Without being able to reproduce exactly the results from others, it is hard to build upon previous work and move forward. The various reasons for lack of reproducibility listed by Ioannidis et al. are certainly not limited to microarray analysis. As far as I can tell, they also exist in the fields of RNA structure analysis and predictions, energetics of protein-DNA interactions, quantum mechanics calculations, and molecular dynamics simulations etc.

In my experience and understanding, the methods section in journal articles is not, and should not aim to be, detailed enough for exact duplication by a qualified reader.
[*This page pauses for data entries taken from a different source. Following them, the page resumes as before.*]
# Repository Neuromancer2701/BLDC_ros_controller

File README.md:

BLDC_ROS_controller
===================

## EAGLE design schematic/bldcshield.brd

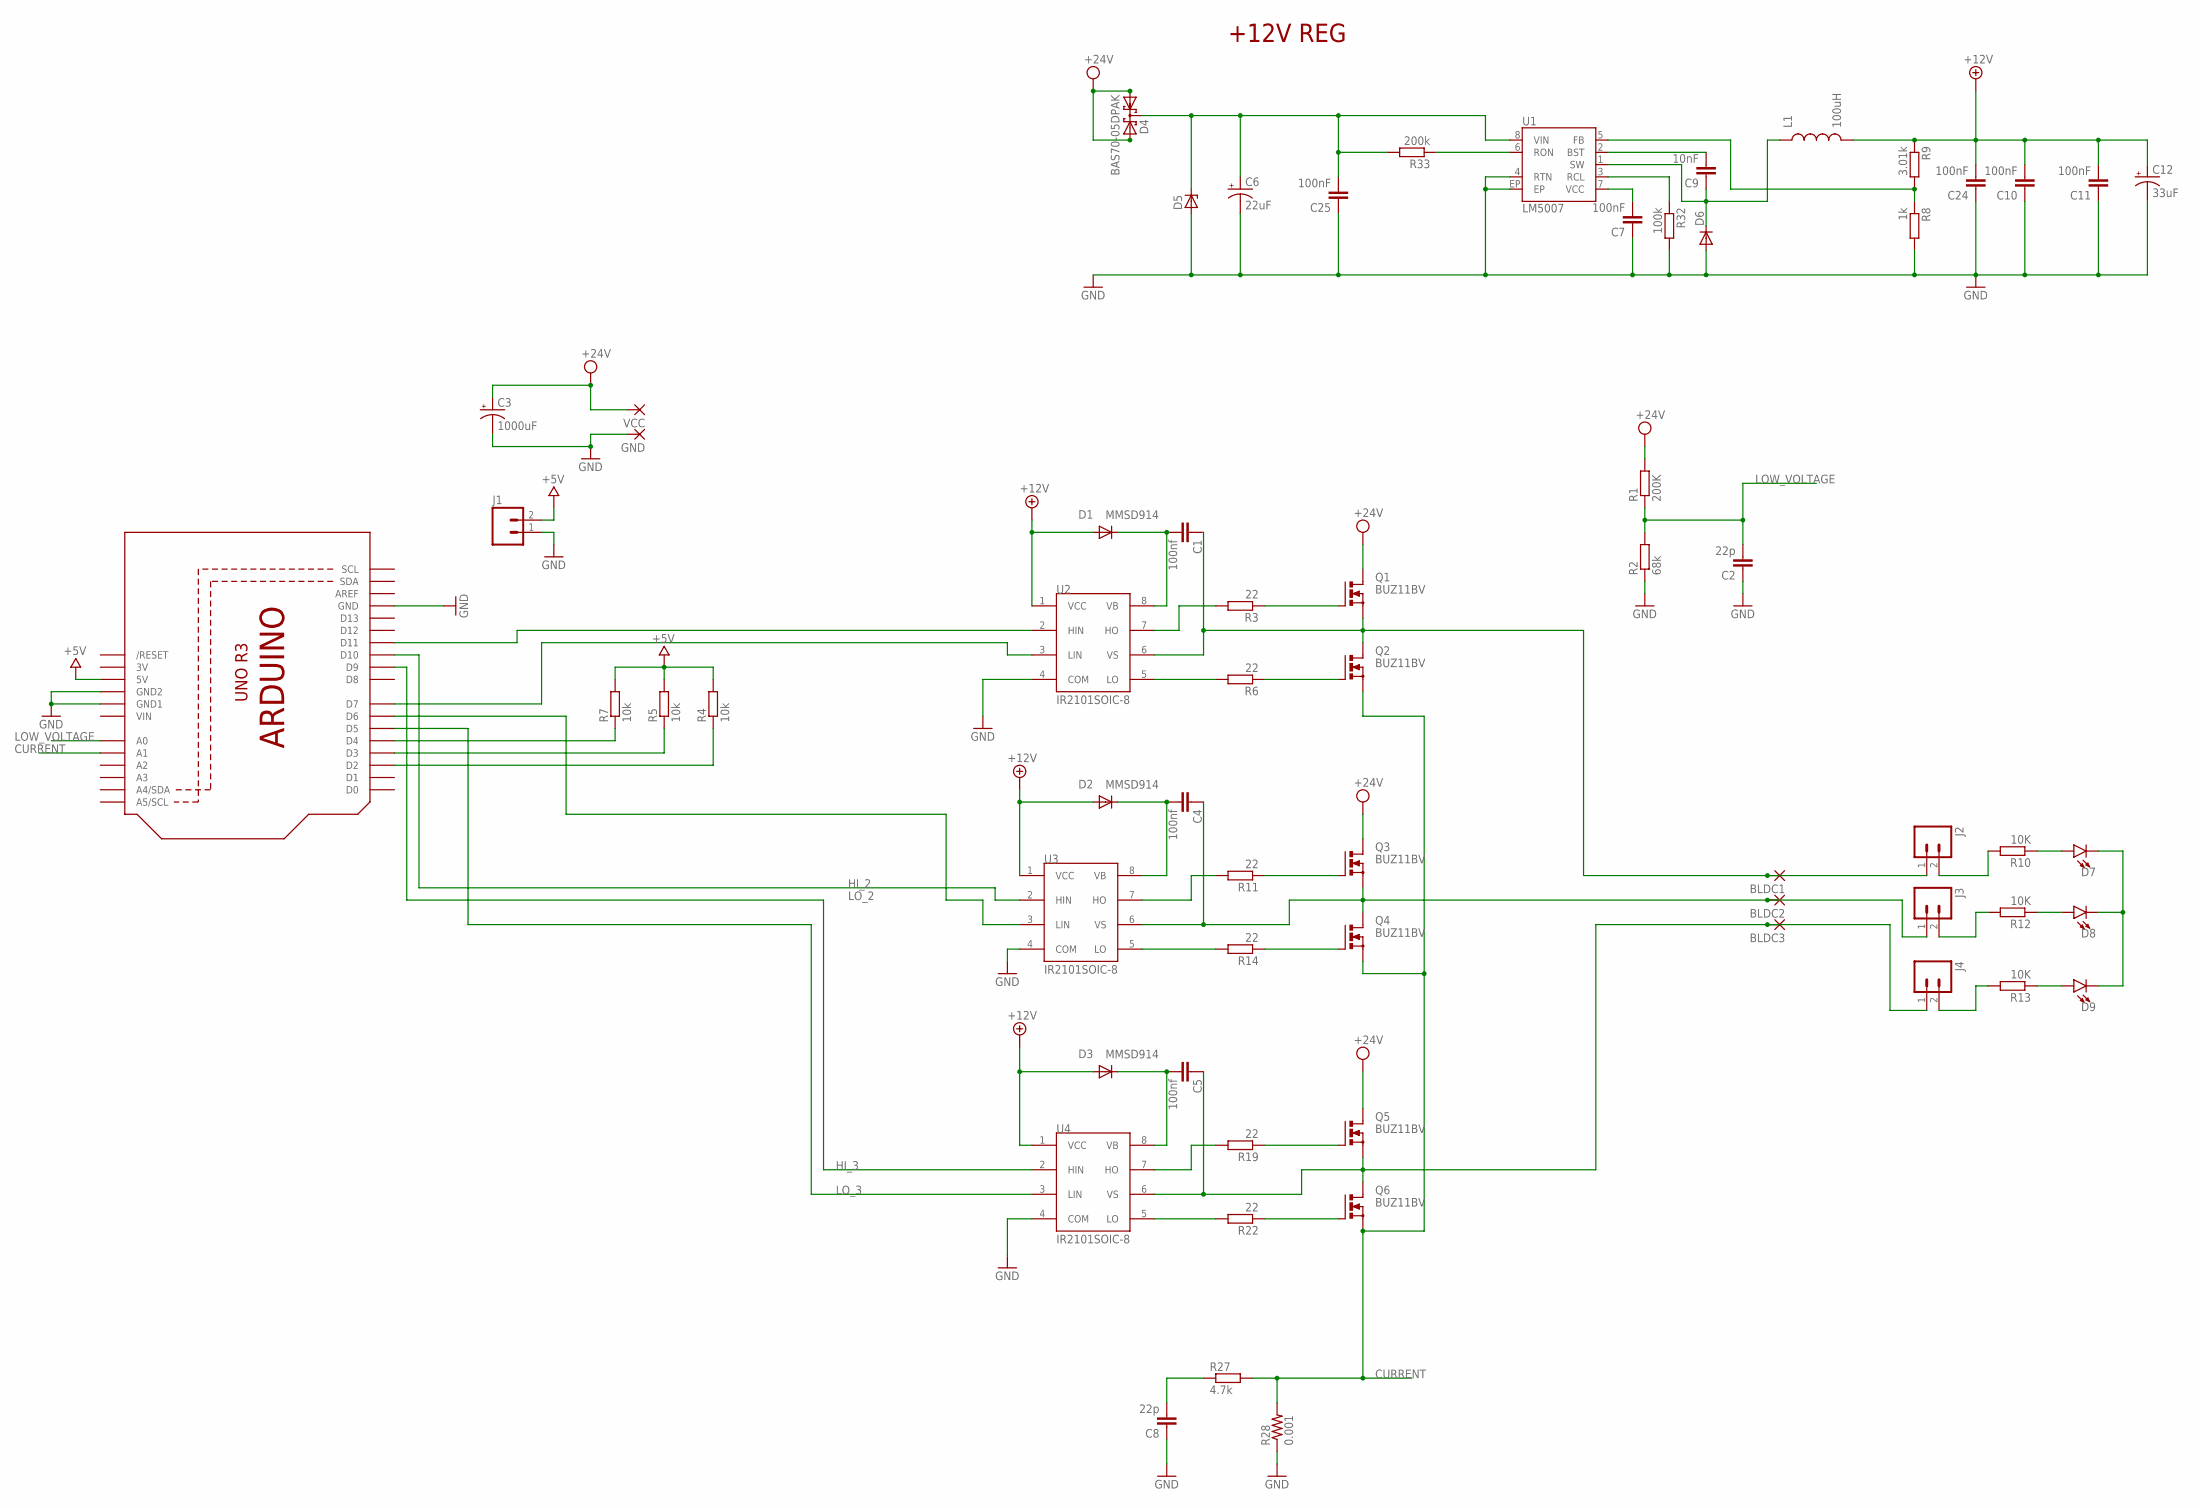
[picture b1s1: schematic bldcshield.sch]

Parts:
BLDC1, BLDC2, BLDC3: WIREPAD4,16O1,6; 4,16O1,6
C1, C4, C5: 100nf; C1206
C2, C8: 22p; C1206
C3: 1000uF; CPOL-RADIAL-1000UF-63V
C6: 22uF; PANASONIC_C
C7, C10, C11, C24, C25: 100nF; C1206
C9: 10nF; C1206
C12: 33uF; PANASONIC_C
D1, D2, D3: MMSD914; SOD123
D4: BAS70-05DPAK; DPAK229P990X238-3N
D5: SMF43A; SOD123F
D6: MBR0520LT; SOD123
D7, D8, D9: LED5MM; LED_5MM
GND: WIREPAD4,16O1,6; 4,16O1,6
J1, J2, J3, J4: M02PTH; 1X02
L1: 100uH; INDUCTOR-SRP4020
Q1, Q2, Q3, Q4, Q5, Q6: BUZ11BV; TO220BV
Q8: Shield; ARDUINOR3-NOTEXT-NOIOREF
R1: 200K; R1206
R2: 68k; R1206
R3, R6, R11, R14, R19, R22: 22; R1206
R4, R5, R7: 10k; R1206
R8: 1k; R1206
R9: 3.01k; R1206
R10, R12, R13: 10K; R1206
R27: 4.7k; R1206
R28: 0.001; R2512
R32: 100k; R1206
R33: 200k; R1206
U1: LM5007; MSOP-8-EP
U2, U3, U4: IR2101SOIC-8; SOIC127P490X600X175-8N
VCC: WIREPAD4,16O1,6; 4,16O1,6

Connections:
3V: Q8.3V
+5V: J1.2, Q8.5V, R4.2, R5.2, R7.2
+12V: C10.2, C11.2, C12.+, C24.2, D1.A, D2.A, D3.A, L1.P$2 (2), R9.1, U2.1 (VCC), U3.1 (VCC), U4.1 (VCC)
BLDC1: BLDC1.1, C1.1, J2.1, Q1.S, Q2.D, U2.6 (VS)
BLDC2: BLDC2.1, C4.1, J3.1, Q3.S, Q4.D, U3.6 (VS)
BLDC3: BLDC3.1, C5.1, J4.1, Q5.S, Q6.D, U4.6 (VS)
CURRENT: Q2.S, Q4.S, Q6.S, Q8.A1, R27.2, R28.2
GND: C2.1, C3.2 (-), C6.-, C7.1, C8.1, C10.1, C11.1, C12.-, C24.1, C25.1, D5.A, D6.A, GND.1, J1.1, Q8.GND, Q8.GND1, Q8.GND2, R2.1, R8.2, R28.1, R32.2, U1.4 (RTN), U1.EP, U2.4 (COM), U3.4 (COM), U4.4 (COM)
HI_2: Q8.D10, U3.2 (HIN)
HI_3: Q8.D9, U4.2 (HIN)
LOW_VOLTAGE: C2.2, Q8.A0, R1.1, R2.2
LO_2: Q8.D6, U3.3 (LIN)
LO_3: Q8.D5, U4.3 (LIN)
unnamed: Q3.G, R11.1
unnamed: C6.+, C25.2, D4.4 (K1K2), D5.C, R33.2, U1.8 (VIN)
unnamed: Q8.D11, U2.2 (HIN)
unnamed: Q8.D4, R7.1
unnamed: Q8.D3, R5.1
unnamed: Q8.D2, R4.1
unnamed: Q8.D7, U2.3 (LIN)
unnamed: C8.2, R27.1
unnamed: R6.2, U2.5 (LO)
unnamed: R3.2, U2.7 (HO)
unnamed: R33.1, U1.6 (RON)
unnamed: R19.2, U4.7 (HO)
unnamed: Q5.G, R19.1
unnamed: Q6.G, R22.1
unnamed: R22.2, U4.5 (LO)
unnamed: C9.2, U1.2 (BST)
unnamed: C7.2, U1.7 (VCC)
unnamed: C9.1, D6.C, L1.P$1 (1), U1.1 (SW)
unnamed: R32.1, U1.3 (RCL)
unnamed: R11.2, U3.7 (HO)
unnamed: Q4.G, R14.1
unnamed: R14.2, U3.5 (LO)
unnamed: J2.2, R10.2
unnamed: R8.1, R9.2, U1.5 (FB)
unnamed: J3.2, R12.2
unnamed: J4.2, R13.2
unnamed: D7.A, R10.1
unnamed: Q1.G, R3.1
unnamed: Q2.G, R6.1
unnamed: D8.A, R12.1
unnamed: D9.A, R13.1
unnamed: D7.K (C), D8.K (C), D9.K (C)
VB1: C1.2, D1.C, U2.8 (VB)
VB2: C4.2, D2.C, U3.8 (VB)
VB3: C5.2, D3.C, U4.8 (VB)
VCC: C3.1 (+), D4.1 (A1), D4.3 (A2), Q1.D, Q3.D, Q5.D, R1.2, VCC.1
VIN: Q8.VIN

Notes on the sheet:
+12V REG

Instead, most such reproducibility issues would be gone if journals require that authors provide raw data, detailed procedures used to process the data, software version and options used to generate the figures and tables reported in the publication. Such information could be made available in (journal or authors) websites. This is an effective way to solve the problem, especially for computational, informatics-related articles. Over the years, for papers I am the first author or I have made major contributions, I've always kept a folder for each article to include every detail (data files, scripts etc) so that the published tables and figures can be repeated precisely. This has turned out to be extremely helpful when I want to refer back to early publications, or when I was asked by readers for further details.

As noted by Osterweil et al., "repeatability, reproducibility, and transparency are the hallmarks of the scientific enterprise." To really achieve the goal, every scientist needs to pay more attention to details and be responsive. Do not be fool around by the impressive introduction or extensive discussions (which are important, of course) in a paper: to get the bottom of something, it is usually the details that count.